I thoroughly enjoyed being invited to have a conversation about attitudes to death and keening with a writer I very much admire (and who is also a death doula), S. Preston Duncan.
In out chat we discussed where I got started with keening (very much an invitation than a choice) what such indigenous grief practices can offer our grief phobic culture, and meandered along visiting Irish colonialism, the highly skilled ritual of keening and the keening woman as an archetype.
The article is hosted on Seven Ponds which is a website focusing on end-of-life planning and support, it aims to provide a comprehensive resource and community for those seeking information, tools, and resources related to death and dying, including topics like advance care directives, cremation, natural burial, and personalized end-of-life experiences.
Blood Alluvium by S. Preston Duncan
Check out the poetry book by S. Preson DUncan who I had the conversation with, here’s a snippet of a review of his work:
In Duncan’s new collection Blood Alluvium (Parlyaree Press), described as ‘a seance in verse’, every poem is charged and pulses with an electric current.
‘Go, find God./ Tell them we are cratered with opioid’, Duncan writes and indeed these are intoxicating and heady poems indeed – alchemical, transformative, time traveling and steely with portent and purpose.

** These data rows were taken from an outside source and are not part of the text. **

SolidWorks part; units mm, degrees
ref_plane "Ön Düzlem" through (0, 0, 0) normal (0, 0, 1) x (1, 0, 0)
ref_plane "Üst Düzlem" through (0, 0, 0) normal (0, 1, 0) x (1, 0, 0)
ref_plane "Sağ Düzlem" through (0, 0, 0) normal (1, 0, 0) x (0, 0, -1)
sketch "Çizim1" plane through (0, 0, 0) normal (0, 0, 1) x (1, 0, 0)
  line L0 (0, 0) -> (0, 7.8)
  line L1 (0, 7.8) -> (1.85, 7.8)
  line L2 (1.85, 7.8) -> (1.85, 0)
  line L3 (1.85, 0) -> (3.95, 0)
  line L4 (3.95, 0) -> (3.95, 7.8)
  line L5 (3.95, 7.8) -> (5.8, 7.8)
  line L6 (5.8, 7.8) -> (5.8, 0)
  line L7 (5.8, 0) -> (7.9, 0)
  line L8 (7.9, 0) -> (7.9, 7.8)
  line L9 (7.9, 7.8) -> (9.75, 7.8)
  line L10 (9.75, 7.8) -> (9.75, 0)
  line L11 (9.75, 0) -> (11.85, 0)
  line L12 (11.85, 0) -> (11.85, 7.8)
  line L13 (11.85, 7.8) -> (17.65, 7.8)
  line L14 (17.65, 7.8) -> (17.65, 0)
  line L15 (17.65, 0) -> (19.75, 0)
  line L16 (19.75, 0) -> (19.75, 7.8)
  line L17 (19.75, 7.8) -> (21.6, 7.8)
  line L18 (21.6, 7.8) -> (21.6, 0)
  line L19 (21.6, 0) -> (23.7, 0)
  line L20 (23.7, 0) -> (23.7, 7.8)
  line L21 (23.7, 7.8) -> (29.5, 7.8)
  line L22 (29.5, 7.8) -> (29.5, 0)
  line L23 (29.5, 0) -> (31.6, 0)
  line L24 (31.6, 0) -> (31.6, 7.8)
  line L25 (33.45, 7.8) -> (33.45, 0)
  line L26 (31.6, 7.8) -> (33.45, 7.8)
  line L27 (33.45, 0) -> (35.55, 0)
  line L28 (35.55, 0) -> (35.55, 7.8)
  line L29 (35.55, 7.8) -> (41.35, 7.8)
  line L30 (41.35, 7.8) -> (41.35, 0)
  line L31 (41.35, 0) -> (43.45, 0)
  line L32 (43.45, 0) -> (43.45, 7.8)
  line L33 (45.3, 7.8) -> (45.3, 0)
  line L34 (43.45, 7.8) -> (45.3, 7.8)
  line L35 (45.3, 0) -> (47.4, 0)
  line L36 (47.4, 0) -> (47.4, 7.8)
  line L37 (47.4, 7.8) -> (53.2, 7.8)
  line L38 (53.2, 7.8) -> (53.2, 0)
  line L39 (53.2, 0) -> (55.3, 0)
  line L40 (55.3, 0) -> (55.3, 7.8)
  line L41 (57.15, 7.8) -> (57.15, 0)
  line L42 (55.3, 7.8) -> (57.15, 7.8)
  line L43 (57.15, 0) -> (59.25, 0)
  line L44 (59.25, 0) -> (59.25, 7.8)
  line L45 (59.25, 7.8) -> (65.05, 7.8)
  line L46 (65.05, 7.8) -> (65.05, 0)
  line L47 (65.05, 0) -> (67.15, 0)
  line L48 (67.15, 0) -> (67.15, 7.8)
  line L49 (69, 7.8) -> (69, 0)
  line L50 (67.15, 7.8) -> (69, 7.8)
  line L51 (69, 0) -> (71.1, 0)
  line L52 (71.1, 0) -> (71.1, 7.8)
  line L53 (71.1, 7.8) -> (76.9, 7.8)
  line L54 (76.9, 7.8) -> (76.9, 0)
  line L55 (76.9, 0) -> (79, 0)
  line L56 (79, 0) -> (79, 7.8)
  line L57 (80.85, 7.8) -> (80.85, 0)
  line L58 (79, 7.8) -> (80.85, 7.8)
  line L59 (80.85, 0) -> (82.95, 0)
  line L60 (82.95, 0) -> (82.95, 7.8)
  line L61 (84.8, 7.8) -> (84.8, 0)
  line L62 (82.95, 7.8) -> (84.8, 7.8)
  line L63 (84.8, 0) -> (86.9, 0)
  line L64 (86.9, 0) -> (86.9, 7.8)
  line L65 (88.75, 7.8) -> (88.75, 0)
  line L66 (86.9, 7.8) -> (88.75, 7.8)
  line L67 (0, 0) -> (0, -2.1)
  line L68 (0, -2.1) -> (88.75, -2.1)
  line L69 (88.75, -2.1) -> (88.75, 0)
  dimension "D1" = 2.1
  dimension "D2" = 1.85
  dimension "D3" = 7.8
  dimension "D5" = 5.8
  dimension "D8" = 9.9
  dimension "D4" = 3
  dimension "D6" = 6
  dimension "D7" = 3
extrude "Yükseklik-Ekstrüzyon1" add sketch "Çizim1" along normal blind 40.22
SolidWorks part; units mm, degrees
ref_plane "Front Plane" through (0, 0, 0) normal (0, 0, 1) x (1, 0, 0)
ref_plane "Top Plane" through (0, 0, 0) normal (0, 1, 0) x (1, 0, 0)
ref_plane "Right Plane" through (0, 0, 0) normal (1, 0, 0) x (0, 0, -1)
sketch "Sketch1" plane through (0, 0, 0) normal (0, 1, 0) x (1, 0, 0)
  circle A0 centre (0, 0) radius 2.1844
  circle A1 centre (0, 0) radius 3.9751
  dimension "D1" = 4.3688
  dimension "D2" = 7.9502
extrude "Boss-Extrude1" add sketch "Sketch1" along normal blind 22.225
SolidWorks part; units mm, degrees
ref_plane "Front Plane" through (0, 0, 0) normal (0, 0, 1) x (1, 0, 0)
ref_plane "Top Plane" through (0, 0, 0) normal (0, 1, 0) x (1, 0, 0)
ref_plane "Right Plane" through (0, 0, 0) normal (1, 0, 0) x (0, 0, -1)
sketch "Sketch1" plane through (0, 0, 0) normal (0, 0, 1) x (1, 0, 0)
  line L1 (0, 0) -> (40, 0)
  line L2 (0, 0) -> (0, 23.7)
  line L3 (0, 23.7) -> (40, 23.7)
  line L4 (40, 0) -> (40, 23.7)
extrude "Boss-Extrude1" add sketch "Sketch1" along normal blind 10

A death doula in Richmond, America, and evidently inspired by the otherworldly and the rich symbols of the arcane and biblical, Duncan’s voice is full of magic and power. His imagery melds the organic and the uncanny (in ‘Harvest’ – there is ‘a trauma/ with human eyes’, hair is ‘demolished haystacks’, a song is ‘written in bird shot’ and ‘a preacher drags something ruined across the sky’.)